1 Q. And you used those sources of information to see who would be best

2 approached, to help you, and that led you to Naser Oric, didn't it?

3 A. Yes, it did.

4 Q. Thank you. What was Mr. Oric doing in 1998? What was his

5 occupation?

6 A. You know, to my recollection, he -- I did not know until after I

7 had met him, and he was the one who informed me that he was running a

8 construction company, his own construction company.

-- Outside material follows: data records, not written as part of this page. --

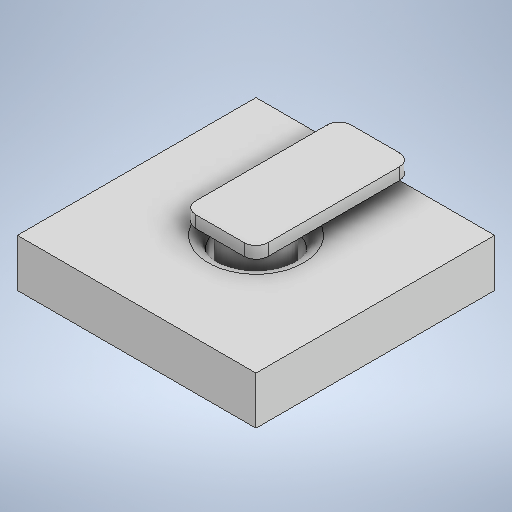
# Autodesk Inventor part: Lock
Saved by Autodesk Inventor 2025.2 (Build 292293000, 293)
## iProperties
Created: 2024-12-09
Part Number: Lock
Material: Generic
Document SubType Name: Modeling
Designer: jurre
Density: 1 g/cm^3
Appearance: Default
Author: jurre
Autodesk Inventor part; units mm, degrees
ref_plane "YZ Plane" through (0, 0, 0) normal (1, 0, 0) x (0, 1, 0)
ref_plane "XZ Plane" through (0, 0, 0) normal (0, 1, 0) x (-1, 0, 0)
ref_plane "XY Plane" through (0, 0, 0) normal (0, 0, 1) x (1, 0, 0)
sketch "Sketch1" plane through (0, 0, 0) normal (0, 1, 0) x (-1, 0, 0)
  line L0 (6.7863, 1.219) -> (-3.2137, 1.219)
  line L1 (-3.2137, 1.219) -> (-3.2137, -8.781)
  line L2 (-3.2137, -8.781) -> (6.7863, -8.781)
  line L3 (6.7863, -8.781) -> (6.7863, 1.219)
  circle A0 centre (1.7863, -3.781) radius 1.5
  point P0 (0, 0)
  dimension "d0" = 10
  dimension "d1" = 10
  dimension "d2" = 3
  constraints: 8 end point, 2 parallel, 1 centre point, 1 horizontal, 1 perpendicular
  measures "d0" distance of L2.end L1.end
  measures "d1" distance of L0.end L1.end
  measures "d2" diameter of A0
extrude "Extrusion1" add sketch "Sketch1" along normal blind 2
fillet "Fillet1" radius 0.5 1 edges at (-0.2863, 2, -3.781)
fillet "Fillet2" radius 0.5 1 edges at (-0.2863, 0, -3.781)
sketch "Sketch3" plane through (0, 0, 0) normal (0, 1, 0) x (-1, 0, 0)
  circle A0 centre (1.7863, -3.778) radius 1.25
  circle A1 centre (1.7863, -3.778) radius 1.75
  circle A2 centre (1.7863, -3.781) radius 1.5 projected
  point P0 (0, 0)
  dimension "d10" = 0
  dimension "d11" = 2.5
  dimension "d12" = 3.5
  constraints: 2 centre point, 1 coincident
  measures "d10" horizontal distance of A2.centre A0.centre
  measures "d11" diameter of A0
  measures "d12" diameter of A1
extrude "Extrusion2" add sketch "Sketch3" against normal blind 0.5 contours A0 | A1 | A2
extrude "Extrusion3" add sketch "Sketch3" along normal blind 2.5 contours A0
sketch "Sketch4" plane through (-1.7863, 2.5, -3.778) normal (0, 1, 0) x (1, 0, 0)
  line L0 (5, 5.003) -> (-5, 5.003) projected
  line L1 (-1.5134, -1.5105) -> (1.518, -1.5105)
  line L2 (1.518, -1.5105) -> (1.518, 5.003)
  line L3 (1.518, 5.003) -> (-1.5134, 5.003)
  line L4 (-1.5134, 5.003) -> (-1.5134, -1.5105)
  point P0 (1.7863, -3.778)
  constraints: 8 end point, 2 parallel, 1 horizontal, 1 perpendicular, 1 point on line
extrude "Extrusion4" add sketch "Sketch4" along normal blind 0.5
fillet "Fillet3" radius 0.5 4 edges at (-0.2683, 2.75, -2.2675) (-0.2683, 2.75, -8.781) (-3.2997, 2.75, -8.781) (-3.2997, 2.75, -2.2675)
fillet "Fillet4" radius 0.25 1 edges at (-0.0363, 0, -3.778)
sketch "Sketch5" plane through (-1.7863, -0.5, -3.778) normal (0, -1, 0) x (1, 0, 0)
  line L0 (-0.2331, -1.784) -> (0.2285, -1.784)
  line L1 (0.2285, -1.784) -> (0.2285, 1.842)
  line L2 (0.2285, 1.842) -> (-0.2331, 1.842)
  line L3 (-0.2331, 1.842) -> (-0.2331, -1.784)
  point P0 (1.7863, 3.778)
  constraints: 8 end point, 2 parallel, 1 horizontal, 1 perpendicular
extrude "Extrusion5" cut sketch "Sketch5" against normal blind 0.25
body "Solid1"
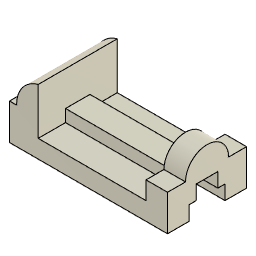
devansh2 v1 (Autodesk Fusion 360 design; units mm, degrees)
Autodesk Fusion 360 part; units mm, degrees
sketch "Sketch1" plane through (0, 0, 0) normal (0, 0, 1) x (1, 0, 0)
  line L0 (0, 0) -> (125, 0)
  line L1 (125, 0) -> (125, 65)
  line L2 (125, 65) -> (0, 65)
  line L3 (0, 65) -> (0, 0)
  constraint horizontal L0
  constraint vertical L1
  constraint horizontal L2
  constraint vertical L3
  constraint coincident L0.start L3.end
extrude "Extrude1" add sketch "Sketch1" along normal blind 30
sketch "Sketch2" plane through (0, 0, 0) normal (-1, 0, 0) x (0, -1, 0)
  line L0 (-65, 0) -> (0, 0)
  line L1 (0, 0) -> (0, 30)
  line L2 (0, 30) -> (-65, 30)
  line L3 (-65, 30) -> (-65, 0)
  line L4 (-20, 0) -> (-20, 15)
  line L5 (-20, 15) -> (-25, 15)
  line L6 (-25, 15) -> (-25, 25)
  line L7 (-25, 25) -> (-40, 25)
  line L8 (-40, 25) -> (-40, 15)
  line L9 (-40, 15) -> (-45, 15)
  line L10 (-45, 15) -> (-45, 0)
  line L11 (-45, 0) -> (-20, 0)
  dimension "d18" = 15
  dimension "d19" = 15
  constraint coincident L0 L4.start
  constraint perpendicular L0 L4
  constraint perpendicular L4 L5
  constraint perpendicular L5 L6
  constraint perpendicular L6 L7
  constraint perpendicular L5 L8
  constraint perpendicular L8 L9
  constraint coincident L0 L10.end
  constraint perpendicular L0 L10
  measures "d18" distance of L9.end L10.end
  measures "d19" distance of L4.start L4.end
extrude "Extrude2" cut sketch "Sketch2" against normal blind 125 contours L0 L4 L5 L6 L7 L8 L9 L10 L11
extrude "Extrude3" cut 1 faces at (41.6667, 0, 10) along direction (0, 1, 0) blind 5
extrude "Extrude4" cut 1 faces at (83.3333, 65, 10) along direction (0, -1, 0) blind 5
extrude "Extrude5" cut 1 faces at (0, 55, 15) along direction (1, 0, 0) blind 15
sketch "Sketch3" plane through (0, 5, 0) normal (0, -1, 0) x (1, 0, 0)
  line L0 (15, 30) -> (15, 0)
  line L1 (15, 0) -> (125, 0)
  line L2 (125, 0) -> (125, 30)
  line L3 (125, 30) -> (15, 30)
  line L4 (20, 30) -> (20, 30.5)
  arc A0 (35, 50) -> (20, 30.5) centre (40.175, 30.5) ccw
  line L5 (35, 50) -> (35, 30)
  constraint coincident L3 L4.start
  constraint perpendicular L3 L4
  constraint tangent L4 A0
  constraint coincident L3 L5.end
  constraint perpendicular L3 L5
extrude "Extrude6" add sketch "Sketch3" against normal blind 55 contours L3 L4 A0 L5
sketch "Sketch4" plane through (0, 0, 30) normal (0, 0, 1) x (-1, 0, 0)
  line L0 (-35, -60) -> (-35, -5)
  line L1 (-35, -5) -> (-125, -5)
  line L2 (-125, -5) -> (-125, -60)
  line L3 (-125, -60) -> (-35, -60)
sketch "Sketch5" plane through (125, 0, 0) normal (1, 0, 0) x (0, 1, 0)
  line L0 (60, 0) -> (60, 30)
  line L1 (60, 30) -> (5, 30)
  line L2 (5, 30) -> (5, 0)
  line L3 (5, 0) -> (20, 0)
  line L4 (20, 0) -> (20, 15)
  line L5 (20, 15) -> (25, 15)
  line L6 (25, 15) -> (25, 25)
  line L7 (25, 25) -> (40, 25)
  line L8 (40, 25) -> (40, 15)
  line L9 (40, 15) -> (45, 15)
  line L10 (45, 15) -> (45, 0)
  line L11 (45, 0) -> (60, 0)
  circle A0 centre (32.5, 30) radius 15
  dimension "d13" = 30
  constraint midpoint L1 A0.centre
  measures "d13" diameter of A0
extrude "Extrude7" add sketch "Sketch5" against normal blind 15 contours L1 A0
sketch "Sketch6" plane through (0, 0, 30) normal (0, 0, 1) x (-1, 0, 0)
  line L0 (-35, -60) -> (-110, -60)
  line L1 (-110, -60) -> (-110, -5)
  line L2 (-110, -5) -> (-35, -5)
  line L3 (-35, -5) -> (-35, -60)
  constraint horizontal L0
  constraint vertical L1
  constraint horizontal L2
  constraint vertical L3
extrude "Extrude8" cut sketch "Sketch6" against normal blind 12.5
extrude "Extrude9" cut 2 faces at (51.6667, 15, 0) (88.3333, 50, 0) along direction (0, 0, 1) blind 5
sketch "Sketch7" plane through (110, 0, 0) normal (-1, 0, 0) x (0, -1, 0)
  arc A0 (-17.5, 30) -> (-47.5, 30) centre (-32.5, 30) ccw
  line L0 (-47.5, 30) -> (-60, 30)
  line L1 (-60, 30) -> (-60, 17.5)
  line L2 (-60, 17.5) -> (-40, 17.5)
  line L3 (-40, 17.5) -> (-40, 25)
  line L4 (-40, 25) -> (-25, 25)
  line L5 (-25, 25) -> (-25, 17.5)
  line L6 (-25, 17.5) -> (-5, 17.5)
  line L7 (-5, 17.5) -> (-5, 30)
  line L8 (-5, 30) -> (-17.5, 30)
  line L9 (-40, 17.5) -> (-41, 17.5)
  line L10 (-41, 17.5) -> (-41, 26)
  line L11 (-41, 26) -> (-24, 26)
  line L12 (-24, 26) -> (-24, 17.5)
  line L13 (-24, 17.5) -> (-25, 17.5)
  line L14 (-25, 17.5) -> (-25, 25)
  line L15 (-40, 25) -> (-40, 17.5)
  dimension "d22" = 1
  dimension "d23" = 8.5
  dimension "d24" = 17
  constraint coincident L2.end L3.start
  constraint coincident L2 L9.end
  constraint perpendicular L9 L10
  constraint perpendicular L10 L11
  constraint coincident L6 L12.end
  constraint perpendicular L6 L12
  constraint coincident L5.end L6.start
  constraint coincident L4.end L5.start
  constraint coincident L3.end L4.start
  measures "d22" distance of L2.end L9.end
  measures "d23" distance of L9.end L10.end
  measures "d24" distance of L10.end L11.end
extrude "Extrude10" add sketch "Sketch7" along normal blind 75 contours L2 L3 L4 L5 L6 L9 L10 L11 L12 L13 L14 L15

9 Q. Right. And as far as you're aware -- if you're not aware, tell

10 us -- but as far as you're aware, that was his occupation throughout 1998?

11 A. I had no reason not to believe that.

12 Q. Now, you met him on I think a weekly basis from April to August of

13 that year, and during that particular time, during those meetings, I

14 should say, the matters that you discussed, I don't want to know what they

15 were but the matters you discussed were confined to work, weren't they,

16 information, information that he could provide to you, information that

17 you were interested in obtaining?

18 A. That's correct. It was a professional relationship.

19 Q. That's right, that's what I mean. That was the beginning and end

20 of your association and relationship with Mr. Oric, namely obtaining

21 information and his providing it to you?

22 A. That's correct.

23 Q. Did you ever question Mr. Oric about his sources of his

24 information?

25 A. No, I did not. There was -- there was -- I felt no need to.

Page 15852

1 Q. Okay. You regarded the information that he was providing to you

2 as quite reliable enough for your purposes?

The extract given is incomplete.